Welcome to Math with Mr. J. In this video I'm going to show you how to convert a fraction to a decimal and if you take a look at the top of your screen it says divide the numerator by the denominator and round if needed. So that's exactly what we are going to do. Now I'm going to do a few of these by hand, a long division problem to show you exactly what's going on. And then the others, I will give you the answer that a calculator will give you and show you how to interpret everything.
So let's jump right into number one, where we have two fifths or two over five. So here, again, divide the numerator by the denominator. So two divided by five. And this fraction is less than a whole.
So our decimal is going to be less than a whole as well because. This decimal is going to be equivalent to two-fifths. So we can't do two divided by five, right? We can't take a whole group of five out of that two. So we need to extend our division problem by putting a decimal and a zero.
So now we can think of that as 20. Bring our decimal straight up. How many whole groups of five can we pull out of 20? Well, four. 4 times 5 is 20. Subtract and we get a 0 and that tells us we are done. So 2 5ths is equal to 4 tenths.
Number 2, 9 25ths. I'll do this one by hand as well. So 9 divided by 25. So we need to Extend our division problem with a decimal and a zero because we can't do 9 divided by 25 and get a whole number. We can't pull a group of 25 out of 9. So now we think of this as 90. How many whole groups of 25 out of 90? Well, 3. 3 times 25 is 75. Subtract, we get 15. So we did not get a zero right away like number one.
So we can extend this division problem by putting another zero on the end. A zero to the right of a decimal doesn't change the value. So we're not changing the problem at all.

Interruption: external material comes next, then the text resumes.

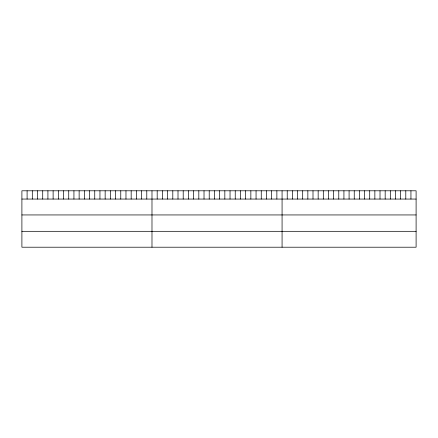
<?xml version="1.0" encoding="UTF-8"?>
<svg xmlns="http://www.w3.org/2000/svg" width="438" height="438" viewBox="0 0 438 438"><rect width="100%" height="100%" fill="white"/><g stroke="black" fill="none" stroke-linecap="round" stroke-linejoin="round"><path stroke-width="0.66" d="M416.1 199.055L416.1 247.207L21.9 247.207L21.9 190.793L416.1 190.793L416.1 199.055L21.9 199.055M21.9 214.943L416.1 214.943M21.9 231.319L416.1 231.319M410.943 190.793L410.943 199.055M405.791 190.793L405.791 199.055M400.633 190.793L400.633 199.055M395.481 190.793L395.481 199.055M390.324 190.793L390.324 199.055M385.172 190.793L385.172 199.055M380.014 190.793L380.014 199.055M374.862 190.793L374.862 199.055M369.705 190.793L369.705 199.055M364.553 190.793L364.553 199.055M359.395 190.793L359.395 199.055M354.243 190.793L354.243 199.055M349.086 190.793L349.086 199.055M343.929 190.793L343.929 199.055M338.777 190.793L338.777 199.055M333.619 190.793L333.619 199.055M328.467 190.793L328.467 199.055M323.31 190.793L323.31 199.055M318.158 190.793L318.158 199.055M313 190.793L313 199.055M307.848 190.793L307.848 199.055M302.691 190.793L302.691 199.055M297.539 190.793L297.539 199.055M292.381 190.793L292.381 199.055M287.229 190.793L287.229 199.055M282.072 190.793L282.072 247.207M276.871 190.793L276.871 199.055M271.664 190.793L271.664 199.055M266.463 190.793L266.463 199.055M261.256 190.793L261.256 199.055M256.055 190.793L256.055 199.055M250.854 190.793L250.854 199.055M245.647 190.793L245.647 199.055M240.446 190.793L240.446 199.055M235.239 190.793L235.239 199.055M230.038 190.793L230.038 199.055M224.836 190.793L224.836 199.055M219.63 190.793L219.63 199.055M214.428 190.793L214.428 199.055M209.222 190.793L209.222 199.055M204.02 190.793L204.02 199.055M198.819 190.793L198.819 199.055M193.612 190.793L193.612 199.055M188.411 190.793L188.411 199.055M183.204 190.793L183.204 199.055M178.003 190.793L178.003 199.055M172.802 190.793L172.802 199.055M167.595 190.793L167.595 199.055M162.394 190.793L162.394 199.055M157.187 190.793L157.187 199.055M151.986 190.793L151.986 247.207M146.785 190.793L146.785 199.055M141.578 190.793L141.578 199.055M136.377 190.793L136.377 199.055M131.17 190.793L131.17 199.055M125.969 190.793L125.969 199.055M120.768 190.793L120.768 199.055M115.561 190.793L115.561 199.055M110.36 190.793L110.36 199.055M105.153 190.793L105.153 199.055M99.952 190.793L99.952 199.055M94.75 190.793L94.75 199.055M89.544 190.793L89.544 199.055M84.342 190.793L84.342 199.055M79.136 190.793L79.136 199.055M73.934 190.793L73.934 199.055M68.733 190.793L68.733 199.055M63.526 190.793L63.526 199.055M58.325 190.793L58.325 199.055M53.118 190.793L53.118 199.055M47.917 190.793L47.917 199.055M42.716 190.793L42.716 199.055M37.509 190.793L37.509 199.055M32.308 190.793L32.308 199.055M27.101 190.793L27.101 199.055"/></g></svg>

Now we can bring that zero down. And we have 150 divided by 25. And we can pull six whole 25. Out of 150, 6 times 25 is 150, and we get that clean-cut zero. So we do not need to go any further. We are done.
And that problem kind of ran into the top problem there, but our answer is 36 hundredths. So 9 25ths is equal to 36 hundredths. Let's take a look at number 3. Now number three, if we were to plug in three over three divided by 16 into a calculator, we would get the following decimal.
And it goes to the ten thousandths. So it's typical to either round a decimal to the thousandths or hundredths. So we're going to round to the thousandths in this video. So we would.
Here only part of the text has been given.